Items listed in a dataset:
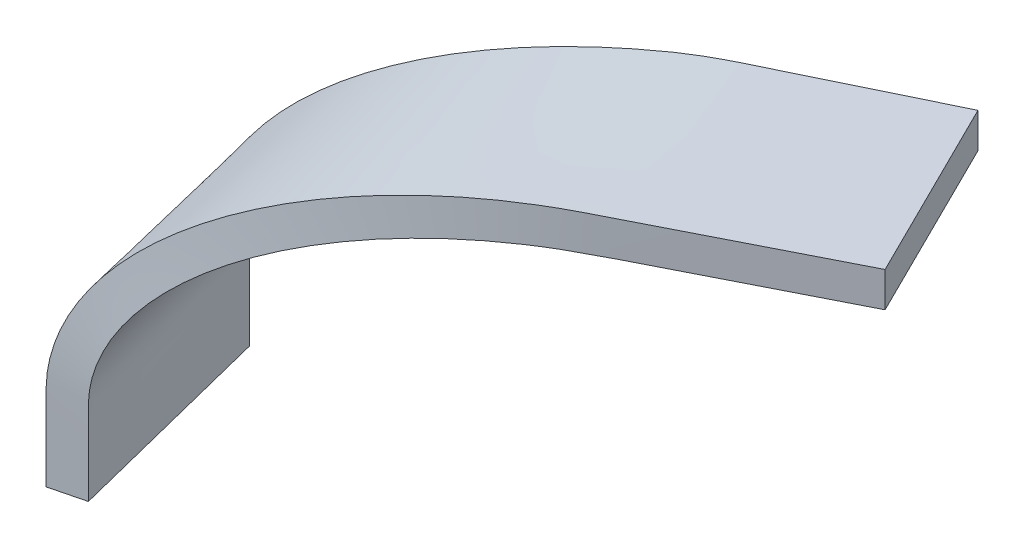
ISO-10303-21;
HEADER;
FILE_DESCRIPTION(('STEP AP214'),'2;1');
FILE_NAME('part.step','',(''),(''),'','','');
FILE_SCHEMA(('AUTOMOTIVE_DESIGN { 1 0 10303 214 1 1 1 1 }'));
ENDSEC;
DATA;
#1=APPLICATION_CONTEXT('core data for automotive mechanical design processes');
#2=APPLICATION_PROTOCOL_DEFINITION('international standard','automotive_design',2000,#1);
#3=PRODUCT_CONTEXT('',#1,'mechanical');
#4=PRODUCT('Part','Part','',(#3));
#5=PRODUCT_RELATED_PRODUCT_CATEGORY('part','',(#4));
#6=PRODUCT_DEFINITION_FORMATION('','',#4);
#7=PRODUCT_DEFINITION_CONTEXT('part definition',#1,'design');
#8=PRODUCT_DEFINITION('design','',#6,#7);
#9=PRODUCT_DEFINITION_SHAPE('','',#8);
#10=(LENGTH_UNIT() NAMED_UNIT(*) SI_UNIT(.MILLI.,.METRE.));
#11=(NAMED_UNIT(*) PLANE_ANGLE_UNIT() SI_UNIT($,.RADIAN.));
#12=(NAMED_UNIT(*) SI_UNIT($,.STERADIAN.) SOLID_ANGLE_UNIT());
#13=UNCERTAINTY_MEASURE_WITH_UNIT(LENGTH_MEASURE(1.E-05),#10,'distance_accuracy_value','');
#14=(GEOMETRIC_REPRESENTATION_CONTEXT(3) GLOBAL_UNCERTAINTY_ASSIGNED_CONTEXT((#13)) GLOBAL_UNIT_ASSIGNED_CONTEXT((#10,
#11,#12)) REPRESENTATION_CONTEXT('',''));
#15=CARTESIAN_POINT('',(0.,0.,0.));
#16=DIRECTION('',(0.,0.,1.));
#17=DIRECTION('',(1.,0.,0.));
#18=AXIS2_PLACEMENT_3D('',#15,#16,#17);
#19=CARTESIAN_POINT('',(-41.1260862397596,37.2872000000002,46.2476464193008));
#20=DIRECTION('',(-0.895876887440576,0.,0.444302377384801));
#21=DIRECTION('',(-0.430916442150004,-0.24361501178605,-0.868885922269009));
#22=AXIS2_PLACEMENT_3D('',#19,#20,#21);
#23=PLANE('',#22);
#24=CARTESIAN_POINT('',(-41.1260862397597,33.2872000000002,46.2476464193009));
#25=CARTESIAN_POINT('',(-41.1260862397596,37.2872000000002,46.2476464193008));
#26=B_SPLINE_CURVE_WITH_KNOTS('',1,(#24,#25),.UNSPECIFIED.,.F.,.F.,(2,2),(0.,1.),.UNSPECIFIED.);
#27=CARTESIAN_POINT('',(-41.1260862397596,37.2872000000002,46.2476464193008));
#28=VERTEX_POINT('',#27);
#29=CARTESIAN_POINT('',(-41.1260862397597,33.2872000000002,46.2476464193009));
#30=VERTEX_POINT('',#29);
#31=EDGE_CURVE('E81',#28,#30,#26,.F.);
#32=ORIENTED_EDGE('',*,*,#31,.T.);
#33=CARTESIAN_POINT('',(-51.5957546786409,33.2871999999997,25.1369469250321));
#34=CARTESIAN_POINT('',(-41.1260862397597,33.2872000000002,46.2476464193009));
#35=B_SPLINE_CURVE_WITH_KNOTS('',1,(#33,#34),.UNSPECIFIED.,.F.,.F.,(2,2),(0.,1.),.UNSPECIFIED.);
#36=CARTESIAN_POINT('',(-51.5957546786409,33.2871999999997,25.1369469250321));
#37=VERTEX_POINT('',#36);
#38=EDGE_CURVE('E89',#30,#37,#35,.F.);
#39=ORIENTED_EDGE('',*,*,#38,.T.);
#40=CARTESIAN_POINT('',(-51.5957546786408,37.2871999999998,25.136946925032));
#41=CARTESIAN_POINT('',(-51.5957546786409,33.2871999999997,25.1369469250321));
#42=B_SPLINE_CURVE_WITH_KNOTS('',1,(#40,#41),.UNSPECIFIED.,.F.,.F.,(2,2),(0.,1.),.UNSPECIFIED.);
#43=CARTESIAN_POINT('',(-51.5957546786408,37.2871999999998,25.136946925032));
#44=VERTEX_POINT('',#43);
#45=EDGE_CURVE('E95',#37,#44,#42,.F.);
#46=ORIENTED_EDGE('',*,*,#45,.T.);
#47=CARTESIAN_POINT('',(-41.1260862397596,37.2872000000002,46.2476464193008));
#48=CARTESIAN_POINT('',(-51.5957546786408,37.2871999999998,25.136946925032));
#49=B_SPLINE_CURVE_WITH_KNOTS('',1,(#47,#48),.UNSPECIFIED.,.F.,.F.,(2,2),(0.,1.),.UNSPECIFIED.);
#50=EDGE_CURVE('E99',#44,#28,#49,.F.);
#51=ORIENTED_EDGE('',*,*,#50,.T.);
#52=EDGE_LOOP('',(#32,#39,#46,#51));
#53=FACE_BOUND('',#52,.T.);
#54=ADVANCED_FACE('F30',(#53),#23,.F.);
#55=CARTESIAN_POINT('',(-104.907564401599,0.,78.5797700516447));
#56=DIRECTION('',(0.,-1.,0.));
#57=DIRECTION('',(0.,0.,-1.));
#58=AXIS2_PLACEMENT_3D('',#55,#56,#57);
#59=PLANE('',#58);
#60=CARTESIAN_POINT('',(-104.907564401599,0.,78.5797700516447));
#61=CARTESIAN_POINT('',(-104.745919065719,0.,78.5391675496803));
#62=CARTESIAN_POINT('',(-104.584273729838,0.,78.498565047716));
#63=CARTESIAN_POINT('',(-104.260983058076,0.,78.4173600437873));
#64=CARTESIAN_POINT('',(-104.099337722196,0.,78.376757541823));
#65=CARTESIAN_POINT('',(-103.776047050434,0.,78.2955525378943));
#66=CARTESIAN_POINT('',(-103.614401714553,0.,78.2549500359299));
#67=CARTESIAN_POINT('',(-103.291111042792,0.,78.1737450320012));
#68=CARTESIAN_POINT('',(-103.129465706911,0.,78.1331425300369));
#69=CARTESIAN_POINT('',(-102.806175035149,0.,78.0519375261083));
#70=CARTESIAN_POINT('',(-102.644529699268,0.,78.0113350241439));
#71=CARTESIAN_POINT('',(-102.321239027507,0.,77.9301300202152));
#72=CARTESIAN_POINT('',(-102.159593691626,0.,77.8895275182509));
#73=CARTESIAN_POINT('',(-101.836303019864,0.,77.8083225143222));
#74=CARTESIAN_POINT('',(-101.674657683984,0.,77.7677200123579));
#75=CARTESIAN_POINT('',(-101.351367012222,0.,77.6865150084292));
#76=CARTESIAN_POINT('',(-101.189721676341,0.,77.6459125064649));
#77=CARTESIAN_POINT('',(-101.02807634046,0.,77.6053100045005));
#78=B_SPLINE_CURVE_WITH_KNOTS('',3,(#60,#61,#62,#63,#64,#65,#66,#67,#68,#69,#70,#71,#72,#73,#74,
#75,#76,#77),.UNSPECIFIED.,.F.,.F.,(4,2,2,2,2,2,2,2,4),(0.,0.499999999999991,0.999999999999998,
1.49999999999999,2.,2.49999999999999,2.99999999999999,3.5,3.99999999999999),.UNSPECIFIED.);
#79=CARTESIAN_POINT('',(-104.907564401599,0.,78.5797700516447));
#80=VERTEX_POINT('',#79);
#81=CARTESIAN_POINT('',(-101.02807634046,0.,77.6053100045005));
#82=VERTEX_POINT('',#81);
#83=EDGE_CURVE('E84',#80,#82,#78,.T.);
#84=ORIENTED_EDGE('',*,*,#83,.F.);
#85=CARTESIAN_POINT('',(-111.095385700965,0.,53.9450208634108));
#86=CARTESIAN_POINT('',(-104.907564401599,0.,78.5797700516447));
#87=B_SPLINE_CURVE_WITH_KNOTS('',1,(#85,#86),.UNSPECIFIED.,.F.,.F.,(2,2),(0.,1.),.UNSPECIFIED.);
#88=CARTESIAN_POINT('',(-111.095385700965,0.,53.9450208634108));
#89=VERTEX_POINT('',#88);
#90=EDGE_CURVE('E156',#89,#80,#87,.T.);
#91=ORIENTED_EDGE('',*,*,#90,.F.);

YOUR ASSIGNMENT: Your reply should be one number: how many lines in the entries above contain the word "DIRECTION".

ANSWER BELOW: 6